▶ _PROBLEM TO SOLVE_:
For each line below that includes the word "from", make a copy.

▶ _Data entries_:
:::::
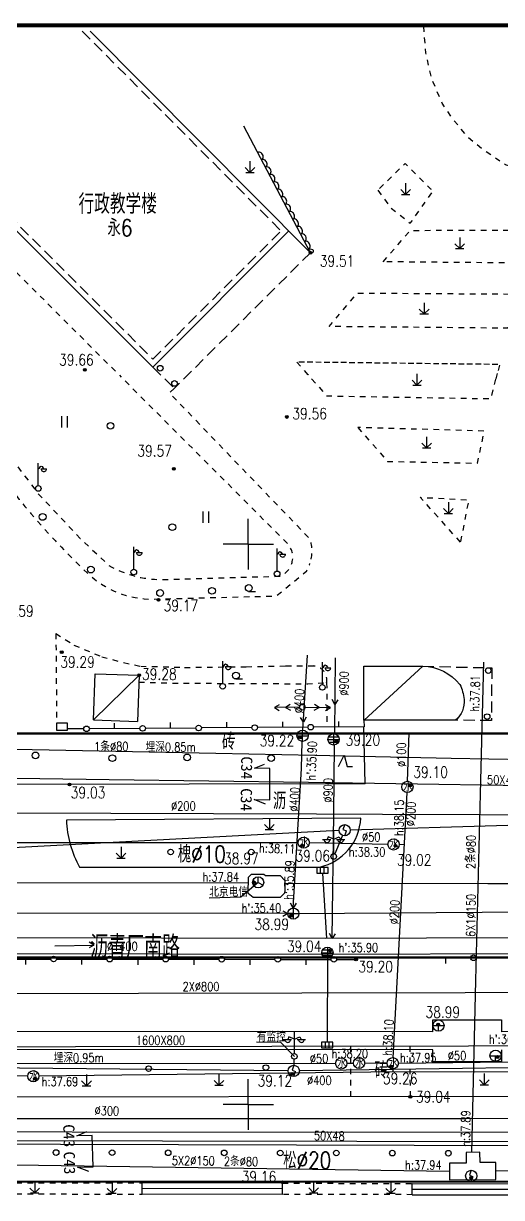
# Model space of a CAD drawing. Header units: inches. Extents: x 505347 to 508499, y 312634 to 313316.
# Drawn here: x 505918.8 to 505961.5, y 312702.9 to 312807.6 of the extents above; entities that cross this region are included whole.
import ezdxf
from ezdxf.enums import TextEntityAlignment as Align
from ezdxf.lldxf.tags import DXFTag

# ---------------------------------------------------------------- set-up
doc = ezdxf.new("R2010")
doc.units = ezdxf.units.IN
doc.header["$LTSCALE"] = 0.5
doc.header["$MEASUREMENT"] = 0
for name, pattern in [('$RECOVER_090104195024-5', [0]), ('444', [0.3, 0.2, -0.1]), ('ACAD_ISO05W100', [33, 24, -3, 0, -3, 0, -3]), ('XX11', [2, 1, -1]), ('XX21', [3, 2, -1])]:
    doc.linetypes.add(name, pattern=pattern)
for name, color, linetype in [('BJ0', 7, 'Continuous'), ('BJ02', 7, 'Continuous'), ('BJ03', 7, 'Continuous'), ('BJ04', 7, 'Continuous'), ('BJ05', 7, 'Continuous'), ('BJ08', 7, 'Continuous'), ('BJ09', 7, 'Continuous'), ('BJ10', 7, 'Continuous'), ('上水井', 4, 'Continuous'), ('上水注记', 4, 'Continuous'), ('上水管线', 4, 'Continuous'), ('上水高程表', 4, 'Continuous'), ('中水注记', 151, 'Continuous'), ('中水管线', 151, 'Continuous'), ('公安交通管线', 163, 'Continuous'), ('污水井', 247, 'Continuous'), ('污水注记', 247, 'Continuous'), ('污水管线', 247, 'Continuous'), ('污水高程表', 247, 'Continuous'), ('热力井', 40, 'Continuous'), ('热力注记', 40, 'Continuous'), ('热力管线', 40, 'Continuous'), ('热力高程表', 40, 'Continuous'), ('照明井', 193, 'Continuous'), ('照明管线', 193, 'Continuous'), ('燃气注记', 6, 'Continuous'), ('燃气管线', 6, 'Continuous'), ('电信井权属', 7, 'Continuous'), ('电信井（北京电信）', 3, 'Continuous'), ('电信断面图及编号', 3, 'Continuous'), ('电信注记', 3, 'Continuous'), ('电信管线', 3, 'Continuous'), ('电信高程表', 3, 'Continuous'), ('电力井', 1, 'Continuous'), ('电力注记', 1, 'Continuous'), ('电力管线', 1, 'Continuous'), ('电力高程表', 1, 'Continuous'), ('监控器', 5, 'Continuous'), ('道路红线', 1, 'Continuous'), ('雨水井', 34, 'Continuous'), ('雨水注记', 34, 'Continuous'), ('雨水管线', 34, 'Continuous'), ('雨水高程表', 34, 'Continuous'), ('雨蓖子', 34, 'Continuous')]:
    doc.layers.add(name, color=color, linetype=linetype)
doc.styles.add('HZ', font='simplex.shx', dxfattribs={"bigfont": 'hztxt'})
doc.styles.add('粗等线', font='simhei.ttf')
doc.styles.add('细等线', font='txt.shx', dxfattribs={"bigfont": 'ht.shx'})
tags = doc.linetypes.add('DL', pattern='A,15,-4.925,[130,ltypeshp.shx,S=0.5,R=330,X=-0.15,Y=0.433],0,[130,ltypeshp.shx,S=0.4,R=90,X=0,Y=0],-0.15,[130,ltypeshp.shx,S=0.5,R=150,X=0,Y=-0.433],-4.925,15', length=40).pattern_tags.tags
tags[32:33] = [DXFTag(74, 4), DXFTag(75, 0), DXFTag(340, '0'), DXFTag(46, 1.0), DXFTag(50, 0.0), DXFTag(44, 0.0), DXFTag(45, 0.0)]
tags[30:31] = [DXFTag(74, 4), DXFTag(75, 0), DXFTag(340, '0'), DXFTag(46, 1.0), DXFTag(50, 0.0), DXFTag(44, 0.0), DXFTag(45, 0.0)]
tags[4:5] = [DXFTag(74, 4), DXFTag(75, 0), DXFTag(340, '0'), DXFTag(46, 1.0), DXFTag(50, 0.0), DXFTag(44, 0.0), DXFTag(45, 0.0)]
tags = doc.linetypes.add('DX', pattern='A,15,-5,[130,ltypeshp.shx,S=1,R=330,X=0,Y=0],-5,15', length=40).pattern_tags.tags
tags[16:17] = [DXFTag(74, 4), DXFTag(75, 0), DXFTag(340, '0'), DXFTag(46, 1.0), DXFTag(50, 0.0), DXFTag(44, 0.0), DXFTag(45, 0.0)]
tags[14:15] = [DXFTag(74, 4), DXFTag(75, 0), DXFTag(340, '0'), DXFTag(46, 1.0), DXFTag(50, 0.0), DXFTag(44, 0.0), DXFTag(45, 0.0)]
tags[4:5] = [DXFTag(74, 4), DXFTag(75, 0), DXFTag(340, '0'), DXFTag(46, 1.0), DXFTag(50, 0.0), DXFTag(44, 0.0), DXFTag(45, 0.0)]
tags = doc.linetypes.add('SS', pattern='A,15,-1.9,[130,ltypeshp.shx,S=1,R=330,X=0,Y=0],-1.2,[130,ltypeshp.shx,S=1,R=330,X=0,Y=0],-1.9,15', length=35).pattern_tags.tags
tags[24:25] = [DXFTag(74, 4), DXFTag(75, 0), DXFTag(340, '0'), DXFTag(46, 1.0), DXFTag(50, 0.0), DXFTag(44, 0.0), DXFTag(45, 0.0)]
tags[22:23] = [DXFTag(74, 4), DXFTag(75, 0), DXFTag(340, '0'), DXFTag(46, 1.0), DXFTag(50, 0.0), DXFTag(44, 0.0), DXFTag(45, 0.0)]
tags[4:5] = [DXFTag(74, 4), DXFTag(75, 0), DXFTag(340, '0'), DXFTag(46, 1.0), DXFTag(50, 0.0), DXFTag(44, 0.0), DXFTag(45, 0.0)]
tags = doc.linetypes.add('TRQZ', pattern='A,15,[130,ltypeshp.shx,S=0.6,R=0,X=0,Y=0],-2.5,[133,ltypeshp.shx,S=0.05,R=0,X=0,Y=0],-2.5,[130,ltypeshp.shx,S=0.6,R=0,X=0,Y=0],15', length=35).pattern_tags.tags
tags[28:29] = [DXFTag(74, 4), DXFTag(75, 0), DXFTag(340, '0'), DXFTag(46, 1.0), DXFTag(50, 0.0), DXFTag(44, 0.0), DXFTag(45, 0.0)]

# ---------------------------------------------------------------- blocks, each defined once
blk = doc.blocks.new('B5461')
for q in [(-0.866025, -0.5), (0, 1), (0.866025, -0.5)]:
    blk.add_line((0, 0), q)
blk.add_circle((0, 0), 1)
blk = doc.blocks.new('953')
for p, q in [((0, 0), (-0.87, 0.87)), ((-0.75, 0), (0.75, 0)), ((0, 2), (0, 0)), ((0.87, 0.87), (0, 0))]:
    blk.add_line(p, q)
blk = doc.blocks.new('B941')
for p, q in [((-0.5, 0), (-0.5, 2)), ((0.5, 0), (0.5, 2))]:
    blk.add_line(p, q)
blk = doc.blocks.new('BC028')
for p, q in [((0, 0.5), (0, 4.5)), ((-1.98, 3), (-0.49, 3)), ((-0.99, 3.5), (-1.19, 3)), ((0, 3.1), (-0.99, 3.5)), ((0, 3.1), (1, 3.5)), ((0.5, 3), (2, 3)), ((1, 3.5), (1.2, 3))]:
    blk.add_line(p, q)
blk.add_circle((0, 0), 0.5)
for centre in [(-1.19, 3), (1.25, 3)]:
    blk.add_arc(centre, 0.5, 179, 0)
blk = doc.blocks.new('BC026')
for p, q in [((0, 0.5), (0, 4.5)), ((0, 3.5), (0.19, 3.6)), ((0.19, 3.6), (0.39, 3.9)), ((0.39, 3.9), (0.49, 4)), ((0.49, 4), (0.69, 3.9)), ((0.49, 3.5), (1.49, 3.5)), ((0.69, 3.9), (0.89, 3.6)), ((0.89, 3.6), (0.99, 3.5))]:
    blk.add_line(p, q)
blk.add_circle((0, 0), 0.5)
blk.add_arc((0.99, 3.5), 0.5, 179, 0)
blk = doc.blocks.new('B8211')
blk.add_hatch(color=256).paths.add_polyline_path([(0.25, 0, 1), (-0.25, 0, 1)])
blk.add_circle((0, 0), 0.25)
blk = doc.blocks.new('B2311')
blk.add_circle((0, 0), 0.5)
blk = doc.blocks.new('B5502')
blk.add_circle((0, 0), 1)
at = {"style": '细等线'}
blk.add_text('水', height=1.5, dxfattribs=at).set_placement((-0.74, -0.79))
blk = doc.blocks.new('B547')
at = {"linetype": 'Continuous'}
for p, q in [((0, 1), (-0.31427, 0.111111)), ((-0.31427, 0.111111), (0.31427, -0.111111)), ((0, -1), (0.31427, -0.111111))]:
    blk.add_line(p, q, dxfattribs=at)
blk.add_circle((0, 0), 1)
blk = doc.blocks.new('B545')
for p, q in [((-1, 0), (1, 0)), ((0, -1), (0, 0))]:
    blk.add_line(p, q)
blk.add_circle((0, 0), 1)
blk = doc.blocks.new('B5421')
for p, q in [((-1, 0), (1, 0)), ((0, -1), (0, 1))]:
    blk.add_line(p, q)
blk.add_circle((0, 0), 1)
blk = doc.blocks.new('B552')
for p, q in [((0.984668, 0.518566), (-1.015332, 0.518566)), ((-1.015332, 0.518566), (-1.015332, -0.481434)), ((0.984668, -0.481434), (0.984668, 0.518566)), ((-1.015332, -0.481434), (0.984668, -0.481434))]:
    blk.add_line(p, q)
at = {"linetype": 'Continuous'}
for p, q in [((-0.348666, -0.481434), (-0.348666, 0.518566)), ((0.318001, -0.481434), (0.318001, 0.518566))]:
    blk.add_line(p, q, dxfattribs=at)
blk = doc.blocks.new('B5422')
at = {"linetype": 'Continuous'}
for p, q in [((-1, 0), (1, 0)), ((-0.866025, 0.5), (0.866025, 0.5)), ((0, 1), (0, -1)), ((-0.866025, -0.5), (0.866025, -0.5))]:
    blk.add_line(p, q, dxfattribs=at)
blk.add_circle((0, 0), 1, dxfattribs=at)
blk = doc.blocks.new('111111')
at = {"const_width": 0.35}
blk.add_lwpolyline([(518343.58, 303648.56), (518748.58, 303648.56), (518748.58, 303505.11), (518343.58, 303505.11)], close=True, dxfattribs=at)

msp = doc.modelspace()

# ---------------------------------------------------------------- linework, layer by layer
at = {"color": 1, "const_width": 0.2, "elevation": 82.3}
for points in [[(505870.78, 312744.27), (506117.82, 312744.27), (506115.85, 312807.08)], [(506120.33, 312664), (506119.07, 312704.27), (505870.78, 312704.27)]]:
    msp.add_lwpolyline(points, dxfattribs=at)
at = {"layer": 'BJ0'}
for p, q in [((505938.86, 312761.16, 82.3), (505938.86, 312763.41, 82.3)), ((505938.86, 312761.16, 82.3), (505936.61, 312761.16, 82.3)), ((505938.86, 312761.16, 82.3), (505938.86, 312758.91, 82.3)), ((505938.86, 312761.16, 82.3), (505941.11, 312761.16, 82.3)), ((505938.86, 312711.16, 82.3), (505938.86, 312713.41, 82.3)), ((505938.86, 312711.16, 82.3), (505936.61, 312711.16, 82.3)), ((505938.86, 312711.16, 82.3), (505938.86, 312708.91, 82.3)), ((505938.86, 312711.16, 82.3), (505941.11, 312711.16, 82.3))]:
    msp.add_line(p, q, dxfattribs=at)
at = {"layer": 'BJ02', "linetype": 'XX21'}
for points, elevation in [([(505906.26, 312807.08), (505905.95, 312806.77), (505909.24, 312803.48), (505906.87, 312801.11), (505930.35, 312777.67), (505941.78, 312789.11)], 82.3), ([(505924.05, 312806.93), (505941.78, 312789.11)], 82.3), ([(505944.41, 312787.17), (505932.25, 312775.06)], 121.81), ([(505930.35, 312776.96), (505932.25, 312775.06)], 82.3), ([(505954.42, 312750.26), (505960.58, 312750.13), (505960.56, 312745.41)], 82.3), ([(505960.56, 312745.41), (505957.36, 312745.45)], 82.3)]:
    msp.add_lwpolyline(points, dxfattribs=dict(at, elevation=elevation))
at = {"layer": 'BJ02'}
for points, elevation in [([(505924.76, 312806.93), (505944.41, 312787.17)], 82.3), ([(505906.17, 312801.11), (505930.35, 312776.96)], 121.81), ([(505942.48, 312789.11), (505930.35, 312776.96)], 121.81), ([(505925.06, 312745.48), (505925.21, 312749.6)], 121.59), ([(505925.21, 312749.6), (505929.12, 312749.46)], 121.59), ([(505949.19, 312745.46), (505954.42, 312750.26)], 121.41), ([(505925.06, 312745.48), (505929.12, 312749.46)], 121.59), ([(505929.12, 312749.46), (505928.96, 312745.34)], 121.58), ([(505925.06, 312745.48), (505928.96, 312745.34)], 121.59), ([(505929.38, 312703.16), (505929.38, 312704.16)], 82.3), ([(505941.92, 312704.13), (505929.38, 312704.16)], 82.3), ([(505941.92, 312703.63), (505929.38, 312703.66)], 82.3), ([(505941.92, 312703.13), (505941.92, 312704.13)], 82.3), ([(505953.49, 312703.11), (505953.49, 312704.11)], 82.3), ([(505953.49, 312704.11), (505965.74, 312704.09)], 82.3), ([(505953.49, 312703.61), (505965.74, 312703.59)], 82.3), ([(505941.92, 312703.13), (505929.38, 312703.16)], 82.3), ([(505953.49, 312703.11), (505965.74, 312703.09)], 82.3)]:
    msp.add_lwpolyline(points, dxfattribs=dict(at, elevation=elevation))
at = {"layer": 'BJ02', "elevation": 82.3}
msp.add_lwpolyline([(505957.36, 312745.45), (505949.18, 312745.46), (505949.18, 312750.26), (505954.42, 312750.26, -0.225777), (505957.74, 312748.64, -0.079454), (505958.11, 312747.31, -0.240421), (505957.36, 312745.45, -0.161141)], format="xyb", dxfattribs=at)
at = {"layer": 'BJ02', "linetype": 'Continuous', "elevation": 82.3}
for points in [[(505949.18, 312745.46), (505949.19, 312744.86)], [(505924.18, 312744.68), (505922.74, 312744.67)], [(505929.18, 312744.72), (505924.68, 312744.68)], [(505926.93, 312744.7), (505926.93, 312745.2)], [(505934.18, 312744.75), (505929.68, 312744.72)], [(505931.93, 312744.74), (505931.93, 312745.24)], [(505939.18, 312744.79), (505934.68, 312744.76)], [(505936.93, 312744.77), (505936.93, 312745.27)], [(505944.18, 312744.82), (505939.68, 312744.79)], [(505941.93, 312744.81), (505941.93, 312745.31)], [(505949.18, 312744.86), (505944.68, 312744.83)], [(505946.93, 312744.84), (505946.93, 312745.34)]]:
    msp.add_lwpolyline(points, dxfattribs=at)
at = {"layer": 'BJ02', "elevation": 82.3}
msp.add_lwpolyline([(505921.76, 312744.55), (505922.74, 312744.55), (505922.74, 312745.18), (505921.76, 312745.18)], close=True, dxfattribs=at)
at = {"layer": 'BJ02'}
for centre in [(505931, 312776.86, 82.3), (505932.28, 312775.5, 82.3)]:
    msp.add_circle(centre, 0.25, dxfattribs=at)
at = {"layer": 'BJ02', "linetype": 'Continuous'}
for centre in [(505924.43, 312744.68, 82.3), (505929.43, 312744.72, 82.3), (505934.43, 312744.75, 82.3), (505939.43, 312744.79, 82.3), (505944.43, 312744.83, 82.3)]:
    msp.add_circle(centre, 0.25, dxfattribs=at)
at = {"layer": 'BJ04', "linetype": 'XX11', "elevation": 82.3, "flags": 128}
for points in [[(505964.1, 312794.27), (505961.82, 312795), (505959.78, 312796.37), (505958.48, 312797.45), (505957.12, 312799.07), (505956.16, 312800.5), (505955.21, 312802.75), (505954.7, 312805), (505954.51, 312807.35)], [(505950.42, 312792.75), (505951.53, 312791.22), (505953.31, 312789.79), (505955.4, 312792.75), (505955.15, 312792.84), (505952.86, 312795.13), (505950.42, 312792.75)], [(505950.89, 312786.36), (505953.31, 312789.16), (505963.98, 312789.19), (505963.31, 312786.24), (505950.89, 312786.36)], [(505962.58, 312783.48), (505962.01, 312780.43), (505946.07, 312780.58), (505948.58, 312783.57), (505962.58, 312783.48)], [(505943.19, 312777.41), (505945.85, 312774.39), (505960.52, 312774.14), (505960.96, 312775.92)], [(505929.09, 312748.85), (505932.16, 312748.76), (505944.17, 312748.7), (505945.88, 312748.8)]]:
    msp.add_lwpolyline(points, dxfattribs=at)
at = {"layer": 'BJ04', "linetype": 'XX11'}
for points, elevation in [([(505908.96, 312794.61), (505927.52, 312776.07)], 121.81), ([(505921.69, 312753.19), (505921.76, 312745.18)], 121.46), ([(505945.85, 312748.8), (505945.88, 312744.92)], 82.3), ([(505948.02, 312711.85), (505948.01, 312716.37)], 181.46), ([(505953.32, 312711.85), (505953.31, 312716.38)], 181.52), ([(505917.15, 312704.18), (505929.38, 312704.16)], 82.3), ([(505941.92, 312704.13), (505953.49, 312704.11)], 82.3), ([(505917.15, 312703.18), (505929.38, 312703.16)], 82.3), ([(505953.49, 312703.11), (505941.92, 312703.13)], 82.3)]:
    msp.add_lwpolyline(points, dxfattribs=dict(at, elevation=elevation))
at = {"layer": 'BJ04', "linetype": '444', "ltscale": 5, "elevation": 82.3, "flags": 128}
for points in [[(505960.98, 312775.92), (505961.31, 312777.19), (505943.19, 312777.41)], [(505944.19, 312776.3), (505944.23, 312776.26)]]:
    msp.add_lwpolyline(points, dxfattribs=at)
at = {"layer": 'BJ04', "linetype": 'XX11', "flags": 128}
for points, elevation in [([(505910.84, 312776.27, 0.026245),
:::::
▶ _WRITTEN RESPONSE_:
from ezdxf.enums import TextEntityAlignment as Align
from ezdxf.lldxf.tags import DXFTag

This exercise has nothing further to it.